Block 315 propagates the state probabilities. That is, given the distribution of probabilities among the states of the Markov process determined at the previously analyzed time frame, it determines the distribution of the probability for the new current time, taking account of the Markov transition probabilities, but not yet taking account of the new frame of acoustic data.

In most embodiments, for each state there are only a small number of other states to which the Markov transition probability is non-zero. In a finite state network representation, for most nodes there are only a few arcs leaving that node. The only states that can have non-zero probability in the current frame are states that have arcs coming to them from one or more of the states that are active in the previous frame. The sum-of-paths computation is shown in equation (3.1).

α_sum(j,t)=Σ_iα_sum(i,t−1)A[i,j], (3.1)

where t represents the time frame in the feature sequence, and i and j represent states in the network.

The best path computation finds the best predecessor for each state (if there is a tie, any one of them may be chosen). It also saves a record of which predecessor was chosen, as in equations (3.2).

α_best(j,t)=Max_i(α_best(i,t−1)A[i,j]), (3.2)

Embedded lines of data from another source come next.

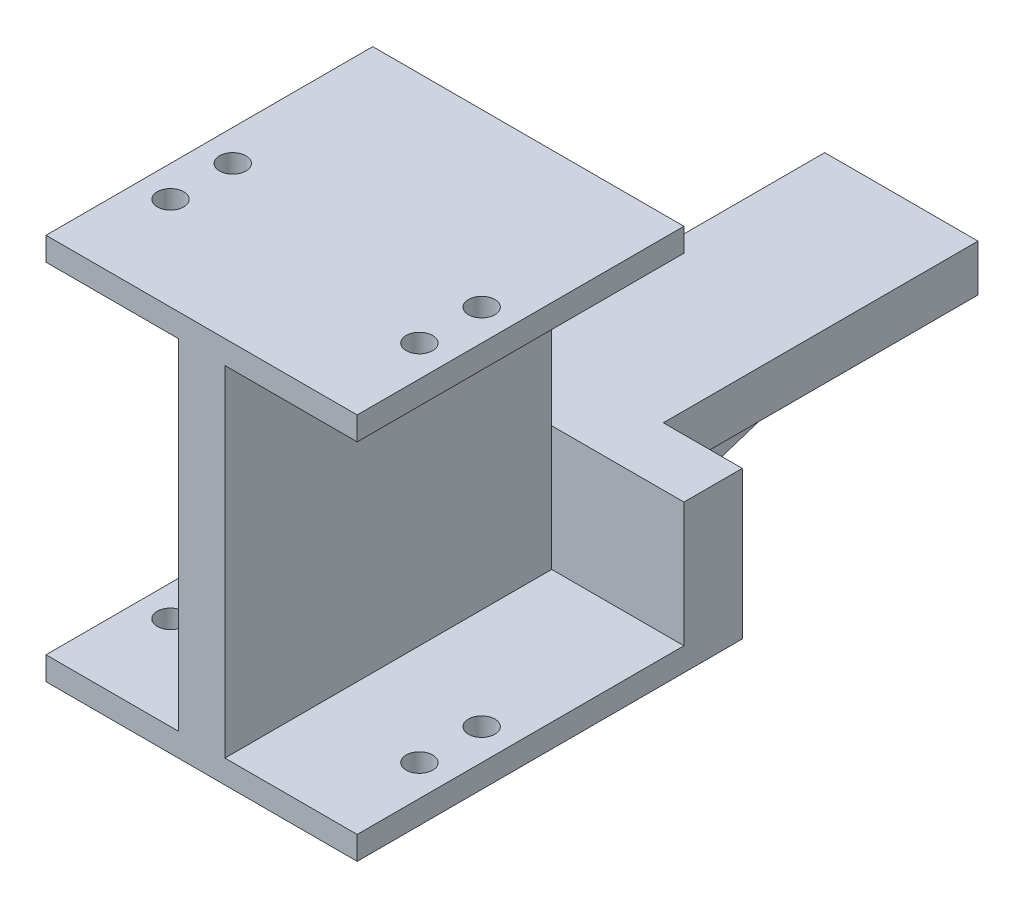
ISO-10303-21;
HEADER;
FILE_DESCRIPTION(('STEP AP214'),'2;1');
FILE_NAME('part.step','',(''),(''),'','','');
FILE_SCHEMA(('AUTOMOTIVE_DESIGN { 1 0 10303 214 1 1 1 1 }'));
ENDSEC;
DATA;
#1=APPLICATION_CONTEXT('core data for automotive mechanical design processes');
#2=APPLICATION_PROTOCOL_DEFINITION('international standard','automotive_design',2000,#1);
#3=PRODUCT_CONTEXT('',#1,'mechanical');
#4=PRODUCT('Part','Part','',(#3));
#5=PRODUCT_RELATED_PRODUCT_CATEGORY('part','',(#4));
#6=PRODUCT_DEFINITION_FORMATION('','',#4);
#7=PRODUCT_DEFINITION_CONTEXT('part definition',#1,'design');
#8=PRODUCT_DEFINITION('design','',#6,#7);
#9=PRODUCT_DEFINITION_SHAPE('','',#8);
#10=(LENGTH_UNIT() NAMED_UNIT(*) SI_UNIT(.MILLI.,.METRE.));
#11=(NAMED_UNIT(*) PLANE_ANGLE_UNIT() SI_UNIT($,.RADIAN.));
#12=(NAMED_UNIT(*) SI_UNIT($,.STERADIAN.) SOLID_ANGLE_UNIT());
#13=UNCERTAINTY_MEASURE_WITH_UNIT(LENGTH_MEASURE(1.E-05),#10,'distance_accuracy_value','');
#14=(GEOMETRIC_REPRESENTATION_CONTEXT(3) GLOBAL_UNCERTAINTY_ASSIGNED_CONTEXT((#13)) GLOBAL_UNIT_ASSIGNED_CONTEXT((#10,
#11,#12)) REPRESENTATION_CONTEXT('',''));
#15=CARTESIAN_POINT('',(0.,0.,0.));
#16=DIRECTION('',(0.,0.,1.));
#17=DIRECTION('',(1.,0.,0.));
#18=AXIS2_PLACEMENT_3D('',#15,#16,#17);
#19=CARTESIAN_POINT('',(20.,34.8470514902493,-7.49999999999995));
#20=DIRECTION('',(0.,0.,-1.));
#21=DIRECTION('',(-1.,0.,0.));
#22=AXIS2_PLACEMENT_3D('',#19,#20,#21);
#23=PLANE('',#22);
#24=DIRECTION('',(-1.,0.,0.));
#25=VECTOR('',#24,1.);
#26=CARTESIAN_POINT('',(9.85,-11.85,-7.49999999999995));
#27=LINE('',#26,#25);
#28=CARTESIAN_POINT('',(-3.,-11.85,-7.49999999999995));
#29=VERTEX_POINT('',#28);
#30=CARTESIAN_POINT('',(-9.85,-11.85,-7.49999999999995));
#31=VERTEX_POINT('',#30);
#32=EDGE_CURVE('E211',#29,#31,#27,.T.);
#33=ORIENTED_EDGE('',*,*,#32,.F.);
#34=DIRECTION('',(0.,-1.,0.));
#35=VECTOR('',#34,1.);
#36=CARTESIAN_POINT('',(-3.,34.8470514902493,-7.49999999999995));
#37=LINE('',#36,#35);
#38=CARTESIAN_POINT('',(-3.,-24.85,-7.49999999999995));
#39=VERTEX_POINT('',#38);
#40=EDGE_CURVE('E199',#29,#39,#37,.T.);
#41=ORIENTED_EDGE('',*,*,#40,.T.);
#42=DIRECTION('',(1.,0.,0.));
#43=VECTOR('',#42,1.);
#44=CARTESIAN_POINT('',(20.,-24.85,-7.49999999999995));
#45=LINE('',#44,#43);
#46=CARTESIAN_POINT('',(-20.,-24.85,-7.49999999999995));
#47=VERTEX_POINT('',#46);
#48=EDGE_CURVE('E209',#47,#39,#45,.T.);
#49=ORIENTED_EDGE('',*,*,#48,.F.);
#50=DIRECTION('',(0.,-1.,0.));
#51=VECTOR('',#50,1.);
#52=CARTESIAN_POINT('',(-20.,34.8470514902493,-7.49999999999995));
#53=LINE('',#52,#51);
#54=CARTESIAN_POINT('',(-20.,-5.85,-7.49999999999995));
#55=VERTEX_POINT('',#54);
#56=EDGE_CURVE('E235',#55,#47,#53,.T.);
#57=ORIENTED_EDGE('',*,*,#56,.F.);
#58=DIRECTION('',(-1.,0.,0.));
#59=VECTOR('',#58,1.);
#60=CARTESIAN_POINT('',(20.,-5.85,-7.49999999999995));
#61=LINE('',#60,#59);
#62=CARTESIAN_POINT('',(-9.85,-5.85,-7.49999999999995));
#63=VERTEX_POINT('',#62);
#64=EDGE_CURVE('E385',#63,#55,#61,.T.);
#65=ORIENTED_EDGE('',*,*,#64,.F.);
#66=DIRECTION('',(0.,1.,0.));
#67=VECTOR('',#66,1.);
#68=CARTESIAN_POINT('',(-9.85,-5.85,-7.49999999999995));
#69=LINE('',#68,#67);
#70=EDGE_CURVE('E361',#31,#63,#69,.T.);
#71=ORIENTED_EDGE('',*,*,#70,.F.);
#72=EDGE_LOOP('',(#33,#41,#49,#57,#65,#71));
#73=FACE_BOUND('',#72,.T.);
#74=ADVANCED_FACE('F33',(#73),#23,.T.);
#75=CARTESIAN_POINT('',(9.85,-11.85,-47.95));
#76=DIRECTION('',(0.,1.,0.));
#77=DIRECTION('',(-1.,0.,0.));
#78=AXIS2_PLACEMENT_3D('',#75,#76,#77);
#79=PLANE('',#78);
#80=DIRECTION('',(0.,0.,-1.));
#81=VECTOR('',#80,1.);
#82=CARTESIAN_POINT('',(-3.,-11.85,-47.95));
#83=LINE('',#82,#81);
#84=CARTESIAN_POINT('',(-3.,-11.85,-47.95));
#85=VERTEX_POINT('',#84);
#86=EDGE_CURVE('E201',#29,#85,#83,.T.);
#87=ORIENTED_EDGE('',*,*,#86,.F.);
#88=ORIENTED_EDGE('',*,*,#32,.T.);
#89=DIRECTION('',(0.,0.,1.));
#90=VECTOR('',#89,1.);
#91=CARTESIAN_POINT('',(-9.85,-11.85,-47.95));
#92=LINE('',#91,#90);
#93=CARTESIAN_POINT('',(-9.85,-11.85,-47.95));
#94=VERTEX_POINT('',#93);
#95=EDGE_CURVE('E381',#94,#31,#92,.T.);
#96=ORIENTED_EDGE('',*,*,#95,.F.);
#97=DIRECTION('',(-1.,0.,0.));
#98=VECTOR('',#97,1.);
#99=CARTESIAN_POINT('',(9.85,-11.85,-47.95));
#100=LINE('',#99,#98);
#101=EDGE_CURVE('E360',#85,#94,#100,.T.);
#102=ORIENTED_EDGE('',*,*,#101,.F.);
#103=EDGE_LOOP('',(#87,#88,#96,#102));
#104=FACE_BOUND('',#103,.T.);
#105=ADVANCED_FACE('F466',(#104),#79,.F.);
#106=CARTESIAN_POINT('',(0.,0.,0.));
#107=DIRECTION('',(0.,0.,1.));
#108=DIRECTION('',(1.,0.,0.));
#109=AXIS2_PLACEMENT_3D('',#106,#107,#108);
#110=PLANE('',#109);
#111=DIRECTION('',(1.,0.,0.));
#112=VECTOR('',#111,1.);
#113=CARTESIAN_POINT('',(3.,21.85,0.));
#114=LINE('',#113,#112);
#115=CARTESIAN_POINT('',(3.,21.85,0.));
#116=VERTEX_POINT('',#115);
#117=CARTESIAN_POINT('',(20.,21.85,0.));
#118=VERTEX_POINT('',#117);
#119=EDGE_CURVE('E240',#116,#118,#114,.T.);
#120=ORIENTED_EDGE('',*,*,#119,.F.);
#121=DIRECTION('',(0.,1.,0.));
#122=VECTOR('',#121,1.);
#123=CARTESIAN_POINT('',(3.,-21.85,0.));
#124=LINE('',#123,#122);
#125=CARTESIAN_POINT('',(3.,-5.85,0.));
#126=VERTEX_POINT('',#125);
#127=EDGE_CURVE('E286',#126,#116,#124,.T.);
#128=ORIENTED_EDGE('',*,*,#127,.F.);
#129=DIRECTION('',(1.,0.,0.));
#130=VECTOR('',#129,1.);
#131=CARTESIAN_POINT('',(20.,-5.85,0.));
#132=LINE('',#131,#130);
#133=CARTESIAN_POINT('',(-3.,-5.85,0.));
#134=VERTEX_POINT('',#133);
#135=EDGE_CURVE('E11',#134,#126,#132,.T.);
#136=ORIENTED_EDGE('',*,*,#135,.F.);
#137=DIRECTION('',(0.,-1.,0.));
#138=VECTOR('',#137,1.);
#139=CARTESIAN_POINT('',(-3.,-21.85,0.));
#140=LINE('',#139,#138);
#141=CARTESIAN_POINT('',(-3.,21.85,0.));
#142=VERTEX_POINT('',#141);
#143=EDGE_CURVE('E279',#142,#134,#140,.T.);
#144=ORIENTED_EDGE('',*,*,#143,.F.);
#145=DIRECTION('',(1.,0.,0.));
#146=VECTOR('',#145,1.);
#147=CARTESIAN_POINT('',(-20.,21.85,0.));
#148=LINE('',#147,#146);
#149=CARTESIAN_POINT('',(-20.,21.85,0.));
#150=VERTEX_POINT('',#149);
#151=EDGE_CURVE('E276',#150,#142,#148,.T.);
#152=ORIENTED_EDGE('',*,*,#151,.F.);
#153=DIRECTION('',(0.,-1.,0.));
#154=VECTOR('',#153,1.);
#155=CARTESIAN_POINT('',(-20.,21.85,0.));
#156=LINE('',#155,#154);
#157=CARTESIAN_POINT('',(-20.,24.85,0.));
#158=VERTEX_POINT('',#157);
#159=EDGE_CURVE('E274',#158,#150,#156,.T.);
#160=ORIENTED_EDGE('',*,*,#159,.F.);
#161=DIRECTION('',(-1.,0.,0.));
#162=VECTOR('',#161,1.);
#163=CARTESIAN_POINT('',(-20.,24.85,0.));
#164=LINE('',#163,#162);
#165=CARTESIAN_POINT('',(20.,24.85,0.));
#166=VERTEX_POINT('',#165);
#167=EDGE_CURVE('E272',#166,#158,#164,.T.);
#168=ORIENTED_EDGE('',*,*,#167,.F.);
#169=DIRECTION('',(0.,1.,0.));
#170=VECTOR('',#169,1.);
#171=CARTESIAN_POINT('',(20.,21.85,0.));
#172=LINE('',#171,#170);
#173=EDGE_CURVE('E270',#118,#166,#172,.T.);
#174=ORIENTED_EDGE('',*,*,#173,.F.);
#175=EDGE_LOOP('',(#120,#128,#136,#144,#152,#160,#168,#174));
#176=FACE_BOUND('',#175,.T.);
#177=ADVANCED_FACE('F411',(#176),#110,.F.);
#178=CARTESIAN_POINT('',(3.,21.85,42.));
#179=DIRECTION('',(0.,1.,0.));
#180=DIRECTION('',(0.,0.,1.));
#181=AXIS2_PLACEMENT_3D('',#178,#179,#180);
#182=PLANE('',#181);
#183=CARTESIAN_POINT('',(16.,21.85,22.));
#184=DIRECTION('',(0.,1.,0.));
#185=DIRECTION('',(0.,0.,1.));
#186=AXIS2_PLACEMENT_3D('',#183,#184,#185);
#187=CIRCLE('',#186,1.7);
#188=CARTESIAN_POINT('',(16.,21.85,23.7));
#189=VERTEX_POINT('',#188);
#190=EDGE_CURVE('E338',#189,#189,#187,.T.);
#191=ORIENTED_EDGE('',*,*,#190,.T.);
#192=EDGE_LOOP('',(#191));
#193=FACE_BOUND('',#192,.T.);
#194=CARTESIAN_POINT('',(16.,21.85,30.));
#195=DIRECTION('',(0.,1.,0.));
#196=DIRECTION('',(0.,0.,1.));
#197=AXIS2_PLACEMENT_3D('',#194,#195,#196);
#198=CIRCLE('',#197,1.7);
#199=CARTESIAN_POINT('',(16.,21.85,31.7));
#200=VERTEX_POINT('',#199);
#201=EDGE_CURVE('E320',#200,#200,#198,.T.);
#202=ORIENTED_EDGE('',*,*,#201,.T.);
#203=EDGE_LOOP('',(#202));
#204=FACE_BOUND('',#203,.T.);
#205=ORIENTED_EDGE('',*,*,#119,.T.);
#206=DIRECTION('',(0.,0.,-1.));
#207=VECTOR('',#206,1.);
#208=CARTESIAN_POINT('',(20.,21.85,42.));
#209=LINE('',#208,#207);
#210=CARTESIAN_POINT('',(20.,21.85,42.));
#211=VERTEX_POINT('',#210);
#212=EDGE_CURVE('E42',#211,#118,#209,.T.);
#213=ORIENTED_EDGE('',*,*,#212,.F.);
#214=DIRECTION('',(1.,0.,0.));
#215=VECTOR('',#214,1.);
#216=CARTESIAN_POINT('',(3.,21.85,42.));
#217=LINE('',#216,#215);
#218=CARTESIAN_POINT('',(3.,21.85,42.));
#219=VERTEX_POINT('',#218);
#220=EDGE_CURVE('E241',#219,#211,#217,.T.);
#221=ORIENTED_EDGE('',*,*,#220,.F.);
#222=DIRECTION('',(0.,0.,-1.));
#223=VECTOR('',#222,1.);
#224=CARTESIAN_POINT('',(3.,21.85,42.));
#225=LINE('',#224,#223);
#226=EDGE_CURVE('E267',#219,#116,#225,.T.);
#227=ORIENTED_EDGE('',*,*,#226,.T.);
#228=EDGE_LOOP('',(#205,#213,#221,#227));
#229=FACE_BOUND('',#228,.T.);
#230=ADVANCED_FACE('F35',(#193,#204,#229),#182,.F.);
#231=CARTESIAN_POINT('',(20.,21.85,42.));
#232=DIRECTION('',(-1.,0.,0.));
#233=DIRECTION('',(0.,0.,1.));
#234=AXIS2_PLACEMENT_3D('',#231,#232,#233);
#235=PLANE('',#234);
#236=ORIENTED_EDGE('',*,*,#173,.T.);
#237=DIRECTION('',(0.,0.,-1.));
#238=VECTOR('',#237,1.);
#239=CARTESIAN_POINT('',(20.,24.85,42.));
#240=LINE('',#239,#238);
#241=CARTESIAN_POINT('',(20.,24.85,42.));
#242=VERTEX_POINT('',#241);
#243=EDGE_CURVE('E314',#242,#166,#240,.T.);
#244=ORIENTED_EDGE('',*,*,#243,.F.);
#245=DIRECTION('',(0.,1.,0.));
#246=VECTOR('',#245,1.);
#247=CARTESIAN_POINT('',(20.,21.85,42.));
#248=LINE('',#247,#246);
#249=EDGE_CURVE('E244',#211,#242,#248,.T.);
#250=ORIENTED_EDGE('',*,*,#249,.F.);
#251=ORIENTED_EDGE('',*,*,#212,.T.);
#252=EDGE_LOOP('',(#236,#244,#250,#251));
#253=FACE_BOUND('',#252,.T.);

(3.2b) B(j,t) is any value of i for which the Max is achieved

A[i,j] is the Markov transition probability, that is, the conditional probability of the Markov process transitioning to state j at the next time, if it is in state i at the current time. In equation (3.2), if the probabilities are represented by their logarithms, then the multiplication on the right-hand side is replaced by an addition. Because the logarithm function is monotone, the maximum operation remains a maximum operation. Logarithms may also be used in equation (3.1), but then the summation is replaced by a more complicated computation, or an approximation is used.

A[i,j]=Prob(X(t+1)=j|X(t)=i) (3.3)

Because of the Markov property (the definition of a Markov process), A[i,j] is independent of t, so A[i,j] also represents the probability of a transition from time t−1 to time t.

The sum or the Max needs to be taken only over pairs (i,j) for which A[I,j] is non-zero, and only for states i that are in the active beam at time t−1. In the network representation, the pairs (i,j) for which A[I,j] is non-negative are those for which there is an arc going from node i to node j.

Block 315 only propagates the probabilities based at least in part on the Markov transition probabilities. It does not update the probabilities based on the acoustic data observed at time t. That will be done in block 325.

In some embodiments, block 320 injects some extra probability from outside the target network. In some embodiments, an unanchored search is implemented simply as a match between a Markov process and the acoustic data stream, where the Markov process represents not only the target portion of the script network, but also other speech, such as in FIGS. 9 and 10. However, this requires a model for the other speech such that actual instances of the target match better than other speech while the other speech matches better than false alarms. While straight-forward in theory, this requirement can be tricky to achieve in practice (especially for the network in FIG. 9). Therefore, in some embodiments additional mechanisms are used, such as the score adjustment that will be discussed in association with block 330, or an external computation. In some embodiments, these alternatives are so effective that they are used even for the network in FIG. 10. Therefore, in some embodiments of an unanchored search, block 320 injects probability into the entry node of the network, such as the null grammar node in FIG. 9 or the null grammar node 1 in FIG. 10.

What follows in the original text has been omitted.